March 02, 2004|From Associated Press

WASHINGTON — The Justice Department sought Monday to bar doctors from testifying in a lawsuit challenging the Partial-Birth Abortion Act unless the government gains access to their patients' medical records.

The Justice Department motion filed in U.S. District Court in New York also points out that the National Abortion Federation, a professional association of abortion providers, has argued that patient records are essential to determining a procedure's medical necessity.

The Bush administration has been criticized broadly by abortion rights groups and privacy advocates for seeking the records, even though Atty. Gen. John Ashcroft insists that patient names and personal information would be removed before government lawyers got them.

"There can be no question but that the government is entitled to the records, redacted to protect the identity of particular patients, in its defense of the act," the court papers say.
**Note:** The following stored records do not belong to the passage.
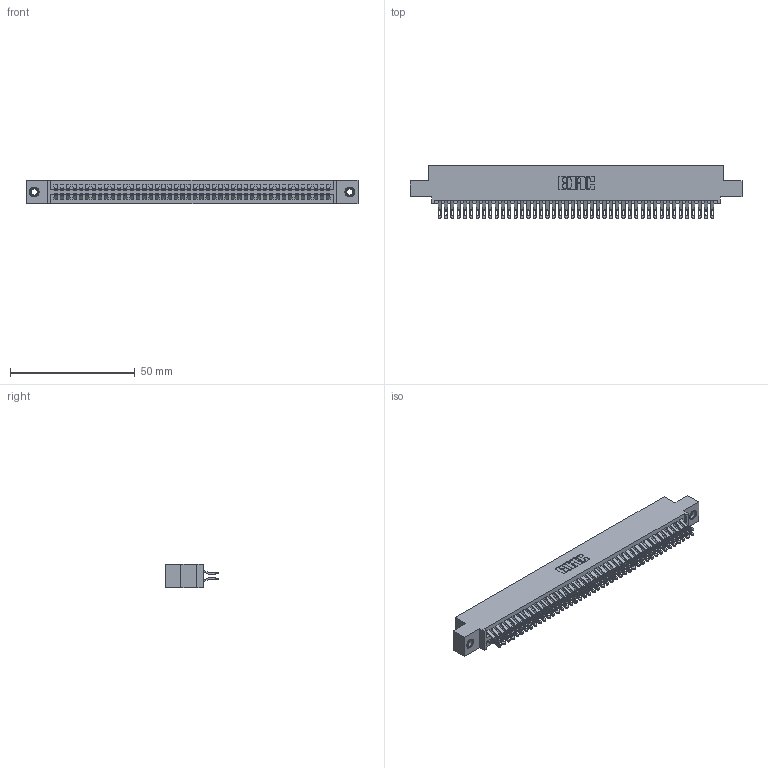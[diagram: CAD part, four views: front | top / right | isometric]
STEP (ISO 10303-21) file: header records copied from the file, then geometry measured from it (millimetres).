
FILE_DESCRIPTION (( 'STEP AP203' ), '1' );
FILE_NAME ('395-088-555-507.STEP', '2018-11-29T00:58:50', ( '' ), ( '' ), 'SwSTEP 2.0', 'SolidWorks 2016', '' );
FILE_SCHEMA (( 'CONFIG_CONTROL_DESIGN' ));
Length unit declared in the file: inch
Products named in the file (4): 395-088-555-507; 345 Part_0.110 Offset - 0.156 Dia-TI; 345-292-001_555 Tail; 345-250-001_345-250-005-103
Assembly tree (91 placements, depth 2):
  395-088-555-507
    345 Part_0.110 Offset - 0.156 Dia-TI
    345-292-001_555 Tail  x88
    345-250-001_345-250-005-103  x2
Bounding box: 132.97 x 21.13 x 9.4 mm (x, y, z)
Volume: 13103.7 mm3; surface area: 20416.7 mm2
Topology: 91 solids, 91 shells, 5118 faces, 16065 edges, 10702 vertices
Faces by surface type: plane 2844, cylinder 2258, cone 12, torus 4
Entity records: 35898 total; most frequent: CARTESIAN_POINT 6033, ORIENTED_EDGE 5930, DIRECTION 5311, EDGE_CURVE 2965, LINE 2617, VECTOR 2617, VERTEX_POINT 1972, AXIS2_PLACEMENT_3D 1347
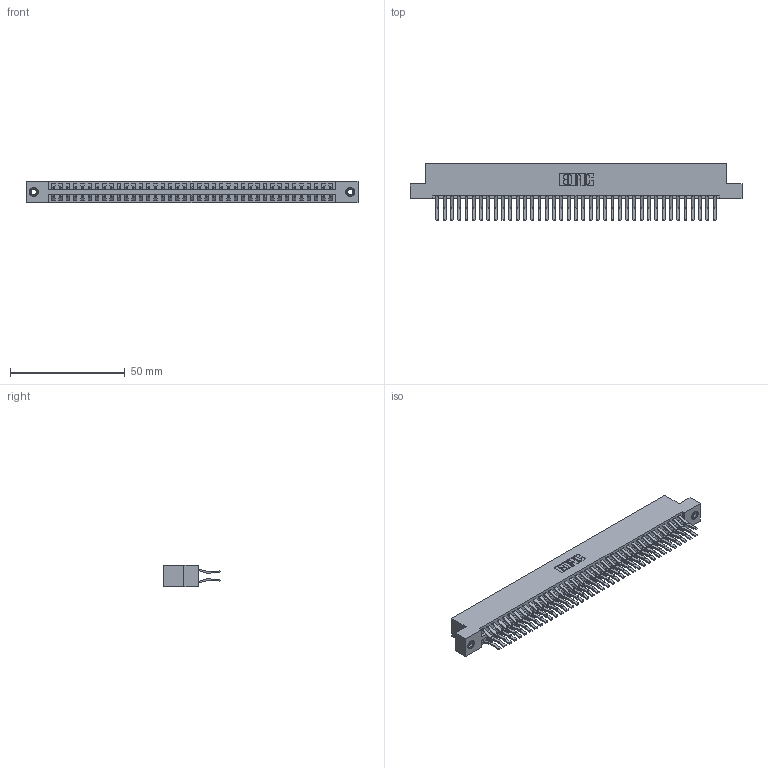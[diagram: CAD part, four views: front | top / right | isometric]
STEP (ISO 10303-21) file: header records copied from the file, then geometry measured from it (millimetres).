
FILE_DESCRIPTION (( 'STEP AP203' ), '1' );
FILE_NAME ('346-078-560-207.STEP', '2022-05-25T14:57:05', ( '' ), ( '' ), 'SwSTEP 2.0', 'SolidWorks 2020', '' );
FILE_SCHEMA (( 'CONFIG_CONTROL_DESIGN' ));
Length unit declared in the file: inch
Products named in the file (4): 346 Part_Flush Mounting Lugs - 0.156 Dia-TI; 346-078-560-207; 345-250-001_345-250-005-103; 345-292-001_560 Tail
Assembly tree (81 placements, depth 2):
  346-078-560-207
    346 Part_Flush Mounting Lugs - 0.156 Dia-TI
    345-292-001_560 Tail  x78
    345-250-001_345-250-005-103  x2
Bounding box: 144.4 x 24.78 x 9.4 mm (x, y, z)
Volume: 14555.1 mm3; surface area: 21357.6 mm2
Topology: 81 solids, 81 shells, 4394 faces, 13023 edges, 8570 vertices
Faces by surface type: plane 2838, cylinder 1540, cone 12, torus 4
Entity records: 27130 total; most frequent: CARTESIAN_POINT 4459, ORIENTED_EDGE 4386, DIRECTION 4011, EDGE_CURVE 2193, VECTOR 1881, LINE 1881, VERTEX_POINT 1456, AXIS2_PLACEMENT_3D 1065
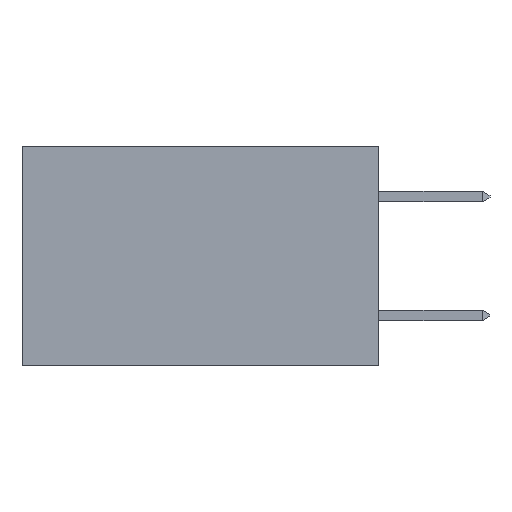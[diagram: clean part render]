
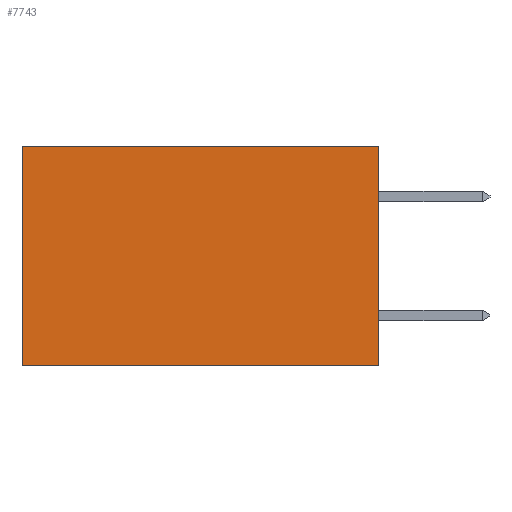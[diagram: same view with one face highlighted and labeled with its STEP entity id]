
A CAD part, left-side view. The second image highlights one B-rep face of the part: STEP entity #7743.
In plain terms, the highlighted planar face has unit normal (-1, 0, 0).
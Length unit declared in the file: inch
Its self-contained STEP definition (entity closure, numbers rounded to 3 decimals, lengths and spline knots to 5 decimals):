
#264 = VERTEX_POINT ( 'NONE', #7347 ) ;
#748 = DIRECTION ( 'NONE',  ( 0., 1., 0. ) ) ;
#899 = PLANE ( 'NONE',  #8069 ) ;
#932 = CARTESIAN_POINT ( 'NONE',  ( 0.298, 0., 0. ) ) ;
#1058 = ORIENTED_EDGE ( 'NONE', *, *, #3446, .T. ) ;
#1096 = EDGE_LOOP ( 'NONE', ( #1058, #1332, #6742, #4275 ) ) ;
#1332 = ORIENTED_EDGE ( 'NONE', *, *, #3513, .F. ) ;
#1410 = VERTEX_POINT ( 'NONE', #2284 ) ;
#1550 = VECTOR ( 'NONE', #748, 39.37008 ) ;
#1626 = CARTESIAN_POINT ( 'NONE',  ( 0.298, 0., 0. ) ) ;
#1753 = DIRECTION ( 'NONE',  ( 0., 0., -1. ) ) ;
#1796 = LINE ( 'NONE', #1626, #1550 ) ;
#2284 = CARTESIAN_POINT ( 'NONE',  ( 0.298, 0., 0. ) ) ;
#2813 = FACE_OUTER_BOUND ( 'NONE', #1096, .T. ) ;
#3129 = CARTESIAN_POINT ( 'NONE',  ( 0.298, 0., -0.37 ) ) ;
#3175 = VECTOR ( 'NONE', #6300, 39.37008 ) ;
#3269 = VERTEX_POINT ( 'NONE', #6725 ) ;
#3446 = EDGE_CURVE ( 'NONE', #7558, #264, #5902, .T. ) ;
#3513 = EDGE_CURVE ( 'NONE', #3269, #264, #5243, .T. ) ;
#3660 = EDGE_CURVE ( 'NONE', #1410, #3269, #5786, .T. ) ;
#4198 = VECTOR ( 'NONE', #5865, 39.37008 ) ;
#4211 = CARTESIAN_POINT ( 'NONE',  ( 0.298, 0.6, 0. ) ) ;
#4275 = ORIENTED_EDGE ( 'NONE', *, *, #4662, .T. ) ;
#4300 = CARTESIAN_POINT ( 'NONE',  ( 0.298, 0.6, 0. ) ) ;
#4662 = EDGE_CURVE ( 'NONE', #1410, #7558, #1796, .T. ) ;
#5243 = LINE ( 'NONE', #3129, #3175 ) ;
#5786 = LINE ( 'NONE', #7742, #9323 ) ;
#5865 = DIRECTION ( 'NONE',  ( 0., 0., -1. ) ) ;
#5902 = LINE ( 'NONE', #4300, #4198 ) ;
#6300 = DIRECTION ( 'NONE',  ( 0., 1., 0. ) ) ;
#6372 = DIRECTION ( 'NONE',  ( 1., 0., 0. ) ) ;
#6725 = CARTESIAN_POINT ( 'NONE',  ( 0.298, 0., -0.37 ) ) ;
#6742 = ORIENTED_EDGE ( 'NONE', *, *, #3660, .F. ) ;
#7347 = CARTESIAN_POINT ( 'NONE',  ( 0.298, 0.6, -0.37 ) ) ;
#7558 = VERTEX_POINT ( 'NONE', #4211 ) ;
#7742 = CARTESIAN_POINT ( 'NONE',  ( 0.298, 0., 0. ) ) ;
#7743 = ADVANCED_FACE ( 'NONE', ( #2813 ), #899, .F. ) ;
#7826 = DIRECTION ( 'NONE',  ( 0., 0., -1. ) ) ;
#8069 = AXIS2_PLACEMENT_3D ( 'NONE', #932, #6372, #1753 ) ;
#9323 = VECTOR ( 'NONE', #7826, 39.37008 ) ;

Lawsuits brought in New York, Nebraska and California are challenging a new law barring a procedure referred to by critics as "partial-birth" abortion and by medical organizations as "intact dilation and extraction."

The Justice Department is attempting to persuade federal judges to order at least six hospitals and six Planned Parenthood affiliates to provide the abortion patient records so the government can defend the law. The hospitals and Planned Parenthood are resisting on privacy grounds.

If the five doctors bringing the New York case plan to testify that the procedure is medically necessary, the Justice Department says patient records are needed to show their experiences and the circumstances of each case.

Otherwise, the government motion says, the doctors shouldn't be allowed to testify.

The Justice Department motion also uses a National Abortion Federation document to bolster the government's case.

In a recent "resource guide" describing efforts in Congress to pass the abortion law, the federation asserted that critics were not competent to judge the procedure's necessity because they hadn't reviewed any patient records, the court papers say.